Exercise goal:
Repeat exactly, and only, the lines of the entries below from the one with "0 10303 214" through the one with "#5=PRODUCT_RELATED_PRODUCT_CATEGORY('part','',(#4));", both ends included.

Excerpts from a dataset:

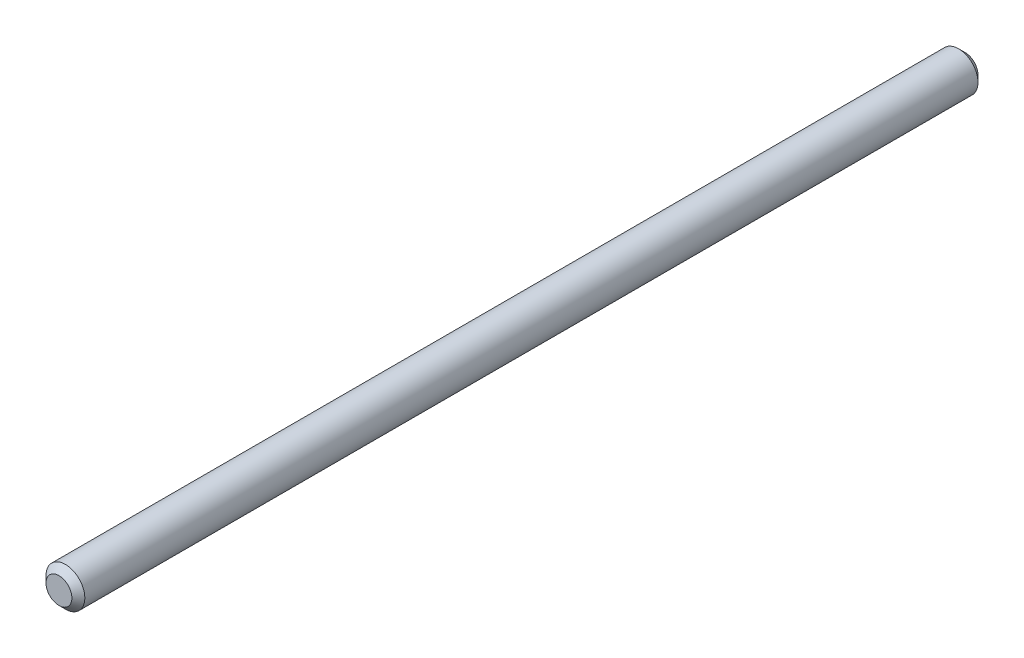
ISO-10303-21;
HEADER;
FILE_DESCRIPTION(('STEP AP214'),'2;1');
FILE_NAME('part.step','',(''),(''),'','','');
FILE_SCHEMA(('AUTOMOTIVE_DESIGN { 1 0 10303 214 1 1 1 1 }'));
ENDSEC;
DATA;
#1=APPLICATION_CONTEXT('core data for automotive mechanical design processes');
#2=APPLICATION_PROTOCOL_DEFINITION('international standard','automotive_design',2000,#1);
#3=PRODUCT_CONTEXT('',#1,'mechanical');
#4=PRODUCT('Part','Part','',(#3));
#5=PRODUCT_RELATED_PRODUCT_CATEGORY('part','',(#4));
#6=PRODUCT_DEFINITION_FORMATION('','',#4);
#7=PRODUCT_DEFINITION_CONTEXT('part definition',#1,'design');
#8=PRODUCT_DEFINITION('design','',#6,#7);
#9=PRODUCT_DEFINITION_SHAPE('','',#8);
#10=(LENGTH_UNIT() NAMED_UNIT(*) SI_UNIT(.MILLI.,.METRE.));
#11=(NAMED_UNIT(*) PLANE_ANGLE_UNIT() SI_UNIT($,.RADIAN.));
#12=(NAMED_UNIT(*) SI_UNIT($,.STERADIAN.) SOLID_ANGLE_UNIT());
#13=UNCERTAINTY_MEASURE_WITH_UNIT(LENGTH_MEASURE(1.E-05),#10,'distance_accuracy_value','');
#14=(GEOMETRIC_REPRESENTATION_CONTEXT(3) GLOBAL_UNCERTAINTY_ASSIGNED_CONTEXT((#13)) GLOBAL_UNIT_ASSIGNED_CONTEXT((#10,
#11,#12)) REPRESENTATION_CONTEXT('',''));
#15=CARTESIAN_POINT('',(0.,0.,0.));
#16=DIRECTION('',(0.,0.,1.));
#17=DIRECTION('',(1.,0.,0.));
#18=AXIS2_PLACEMENT_3D('',#15,#16,#17);
#19=CARTESIAN_POINT('',(0.,0.,-70.));
#20=DIRECTION('',(0.,0.,1.));
#21=DIRECTION('',(1.,0.,0.));
#22=AXIS2_PLACEMENT_3D('',#19,#20,#21);
#23=CYLINDRICAL_SURFACE('',#22,1.5);
#24=CARTESIAN_POINT('',(0.,0.,-69.5));
#25=DIRECTION('',(0.,0.,1.));
#26=DIRECTION('',(1.,0.,0.));
#27=AXIS2_PLACEMENT_3D('',#24,#25,#26);
#28=CIRCLE('',#27,1.5);
#29=CARTESIAN_POINT('',(1.5,0.,-69.5));
#30=VERTEX_POINT('',#29);
#31=EDGE_CURVE('E46',#30,#30,#28,.T.);
#32=ORIENTED_EDGE('',*,*,#31,.T.);
#33=EDGE_LOOP('',(#32));
#34=FACE_BOUND('',#33,.T.);
#35=CARTESIAN_POINT('',(0.,0.,-0.5));
#36=DIRECTION('',(0.,0.,1.));
#37=DIRECTION('',(1.,0.,0.));
#38=AXIS2_PLACEMENT_3D('',#35,#36,#37);
#39=CIRCLE('',#38,1.5);
#40=CARTESIAN_POINT('',(1.5,0.,-0.5));
#41=VERTEX_POINT('',#40);
#42=EDGE_CURVE('E50',#41,#41,#39,.F.);
#43=ORIENTED_EDGE('',*,*,#42,.T.);
#44=EDGE_LOOP('',(#43));
#45=FACE_BOUND('',#44,.T.);
#46=ADVANCED_FACE('F35',(#34,#45),#23,.T.);
#47=CARTESIAN_POINT('',(0.,0.,-70.));
#48=DIRECTION('',(0.,0.,1.));
#49=DIRECTION('',(1.,0.,0.));
#50=AXIS2_PLACEMENT_3D('',#47,#48,#49);
#51=PLANE('',#50);
#52=CARTESIAN_POINT('',(0.,0.,-70.));
#53=DIRECTION('',(0.,0.,1.));
#54=DIRECTION('',(1.,0.,0.));
#55=AXIS2_PLACEMENT_3D('',#52,#53,#54);
#56=CIRCLE('',#55,0.999999999999994);
#57=CARTESIAN_POINT('',(0.999999999999994,0.,-70.));
#58=VERTEX_POINT('',#57);
#59=EDGE_CURVE('E42',#58,#58,#56,.F.);
#60=ORIENTED_EDGE('',*,*,#59,.T.);
#61=EDGE_LOOP('',(#60));
#62=FACE_BOUND('',#61,.T.);
#63=ADVANCED_FACE('F66',(#62),#51,.F.);
#64=CARTESIAN_POINT('',(0.,0.,0.));
#65=DIRECTION('',(0.,0.,1.));
#66=DIRECTION('',(1.,0.,0.));
#67=AXIS2_PLACEMENT_3D('',#64,#65,#66);
#68=PLANE('',#67);
#69=CARTESIAN_POINT('',(0.,0.,0.));
#70=DIRECTION('',(0.,0.,1.));
#71=DIRECTION('',(1.,0.,0.));
#72=AXIS2_PLACEMENT_3D('',#69,#70,#71);
#73=CIRCLE('',#72,1.00000000000001);
#74=CARTESIAN_POINT('',(1.00000000000001,0.,0.));
#75=VERTEX_POINT('',#74);
#76=EDGE_CURVE('E10',#75,#75,#73,.T.);
#77=ORIENTED_EDGE('',*,*,#76,.T.);
#78=EDGE_LOOP('',(#77));
#79=FACE_BOUND('',#78,.T.);
#80=ADVANCED_FACE('F63',(#79),#68,.T.);
#81=CARTESIAN_POINT('',(0.,0.,-69.5));
#82=DIRECTION('',(0.,0.,1.));
#83=DIRECTION('',(1.,0.,0.));
#84=AXIS2_PLACEMENT_3D('',#81,#82,#83);
#85=CONICAL_SURFACE('',#84,1.5,0.785398163397454);
#86=ORIENTED_EDGE('',*,*,#59,.F.);
#87=EDGE_LOOP('',(#86));
#88=FACE_BOUND('',#87,.T.);
#89=ORIENTED_EDGE('',*,*,#31,.F.);
#90=EDGE_LOOP('',(#89));
#91=FACE_BOUND('',#90,.T.);
#92=ADVANCED_FACE('F59',(#88,#91),#85,.T.);
#93=CARTESIAN_POINT('',(0.,0.,0.));
#94=DIRECTION('',(0.,0.,-1.));
#95=DIRECTION('',(-1.,0.,0.));
#96=AXIS2_PLACEMENT_3D('',#93,#94,#95);
#97=CONICAL_SURFACE('',#96,1.00000000000001,0.78539816339744);
#98=ORIENTED_EDGE('',*,*,#42,.F.);
#99=EDGE_LOOP('',(#98));
#100=FACE_BOUND('',#99,.T.);
#101=ORIENTED_EDGE('',*,*,#76,.F.);
#102=EDGE_LOOP('',(#101));
#103=FACE_BOUND('',#102,.T.);
#104=ADVANCED_FACE('F37',(#100,#103),#97,.T.);
#105=CLOSED_SHELL('',(#46,#63,#80,#92,#104));
#106=MANIFOLD_SOLID_BREP('B2',#105);
#107=ADVANCED_BREP_SHAPE_REPRESENTATION('',(#18,#106),#14);
#108=SHAPE_DEFINITION_REPRESENTATION(#9,#107);
ENDSEC;
END-ISO-10303-21;

Written response:
FILE_SCHEMA(('AUTOMOTIVE_DESIGN { 1 0 10303 214 1 1 1 1 }'));
ENDSEC;
DATA;
#1=APPLICATION_CONTEXT('core data for automotive mechanical design processes');
#2=APPLICATION_PROTOCOL_DEFINITION('international standard','automotive_design',2000,#1);
#3=PRODUCT_CONTEXT('',#1,'mechanical');
#4=PRODUCT('Part','Part','',(#3));
#5=PRODUCT_RELATED_PRODUCT_CATEGORY('part','',(#4));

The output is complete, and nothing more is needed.